Hakkaniyet ilkesi ve uluslararası hukuk kurallarına uygun düzenlenen Türkiye-Libya deniz yetki alanları anlaşması, her iki ülkenin de Doğu Akdeniz’deki hak ve çıkarlarını korumayı amaçlıyor.
Anlaşma, BM tarafından onaylanmasına rağmen tepki çekti
BM’nin onayına rağmen Mısır, Avrupa Birliği (AB), Yunanistan ve Güney Kıbrıs Rum Yönetimi (GKRY) anlaşmaya karşı durdu.
Anlaşmaya tepki göstermek amacıyla Yunanistan, o dönem Libya’nın Atina Büyükelçisi olan Muhammed el-Menfi’ye mutabakatın içeriğini sunması için ültimatom verdi. El-Menfi, verilen ültimatoma uymayınca Yunanistan tarafından istenmeyen adam ilan edildi.
El-Menfi’nin, Aralık 2019’da Yunanistan’ı 72 saat içinde terk etmesi istendi ve Libya’ya döndükten yaklaşık 1,5 yıl sonra Libya Başkanlık Konseyi Başkanı olarak ülke yönetiminin başına geldi.
El-Menfi, bu göreve geldikten bir ay sonra ise kendisini istenmeyen adam ilan eden Yunanistan Başbakanı Kiryakos Miçotakis ile Dışişleri Bakanı Nikos Dendias’ı, Trablus’ta kabul etti.
“Türk dış politikası için başarılı bir anlaşma”
Arel Üniversitesi Uluslararası İlişkiler Bölüm Başkanı ve Uluslararası Diplomatlar Birliği Başkan Yardımcısı Prof. Dr. Uğur Özgöker, anlaşmanın imzalanmasının beşinci yılında, AA muhabirine değerlendirmede bulundu.
Özgöker, 2019’da Türkiye-Libya arasında imzalanan anlaşmanın BM tarafından da tanındığını hatırlattı.
Anlaşmanın ardından Yunanistan’ın tepki gösterdiğini dile getiren Prof. Dr. Özgöker, “Yunanistan ve Kıbrıs Rum kesimi, ikisi de AB üyesi olması hasebiyle Türkiye’yi Doğu Akdeniz’den enerji yollarından dışlamak için çeşitli stratejiler geliştirdiler.” dedi.
Özgöker, Türkiye’nin akıllı politikalar izlediğini vurgulayarak Yunanistan’ın söz konusu planlarını boşa çıkardığını, Yunanistan’ın GKRY’nin AB üyeliğini kullanarak “Seville Haritası” çıkardığını kaydetti.

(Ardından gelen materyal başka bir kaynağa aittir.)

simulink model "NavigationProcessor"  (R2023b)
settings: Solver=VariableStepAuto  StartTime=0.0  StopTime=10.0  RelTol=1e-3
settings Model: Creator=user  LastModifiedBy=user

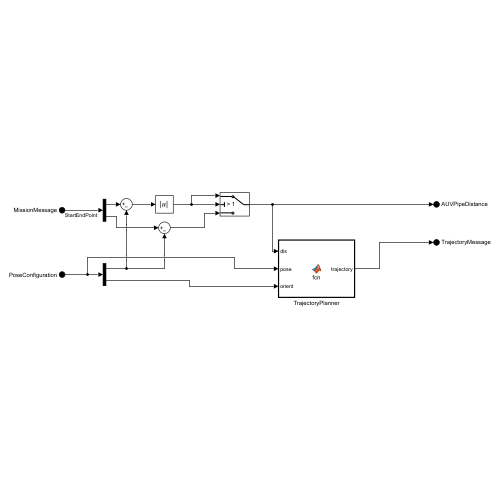
[thumbnail: Simulink's stored preview of the top-level diagram]
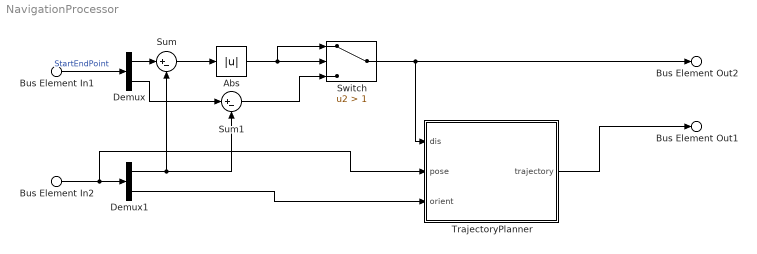
== system NavigationProcessor ==
  Bus Element In1 : Inport  PortName=MissionMessage
  Bus Element In2 : Inport  Port=2  PortName=PoseConfiguration
  Abs : Abs  SaturateOnIntegerOverflow=off
  Demux : Demux  Outputs=2
  Demux1 : Demux  Outputs=2
  Sum : Sum  Inputs=|+-
  Sum1 : Sum  Inputs=|+-
  Switch : Switch  Criteria=u2 > Threshold  Threshold=1  SaturateOnIntegerOverflow=off  InputSameDT=off
  TrajectoryPlanner : MATLAB Function  TreatAsAtomicUnit=on
  Bus Element Out1 : Outport  PortName=TrajectoryMessage
  Bus Element Out2 : Outport  Port=2  PortName=AUVPipeDistance
  wires:
  Bus Element In1/1 -> Demux/1  "StartEndPoint"
  Demux/1 -> Sum/1
  Sum/1 -> Abs/1
  Abs/1 -> Switch/1, Switch/2
  Demux/2 -> Sum1/1
  Sum1/1 -> Switch/3
  Switch/1 -> TrajectoryPlanner/1(dis), Bus Element Out2/1
  Bus Element In2/1 -> TrajectoryPlanner/2(pose), Demux1/1
  Demux1/1 -> Sum/2, Sum1/2
  TrajectoryPlanner/1(trajectory) -> Bus Element Out1/1
  Demux1/2 -> TrajectoryPlanner/3(orient)

== matlab function NavigationProcessor/TrajectoryPlanner ==
  data: dis input; trajectory output; pose input; orient input
function trajectory = fcn(dis, pose, orient)


u = 3*rand(2,1);

trajectory = u;

“Sonra Amerika’yı da yanlarına alarak bir East-Med yani Doğu Akdeniz projesi geliştirdiler. ABD vardı bunun içinde, İsrail vardı bunun içinde, Mısır vardı.” diyen Özgöker, o dönemde Türkiye’nin hem Mısır hem de İsrail ile ilişkilerinin iyi olmadığını hatırlattı.
Prof. Dr. Özgöker, Yunanistan’ın, GKRY, Mısır, İsrail ve ABD’nin Doğu Akdeniz Gaz Projesi’ni imzaladığını anımsatarak bunun, Türkiye’yi ve Kıbrıslı Türkleri baypas etme projesi olduğunu kaydetti.
Türkiye’nin “East Med” (Doğu Akdeniz) projesine itiraz ettiğini anlatan Özgöker, “Yunanistan’ın ve Kıbrıs’ın Rum kesiminin Akdeniz kaynaklarından Doğu Akdeniz enerji kaynaklarından, fosil enerji, doğal gaz ve petrol kaynaklarından dışlama projeleri boşa çıkmış oldu.” diye konuştu.
Uğur Özgöker, “Bu anlaşma Lozan’dan sonra belki de Türkiye Cumhuriyeti Devleti’nin yaptığı en başarılı anlaşmalardan biri. Türkiye’nin bütün Akdeniz’deki mevcudiyetini, enerji kaynakları üzerindeki söz hakimiyetini sağlayan bir anlaşma çok başarılıdır.” ifadelerini kullandı.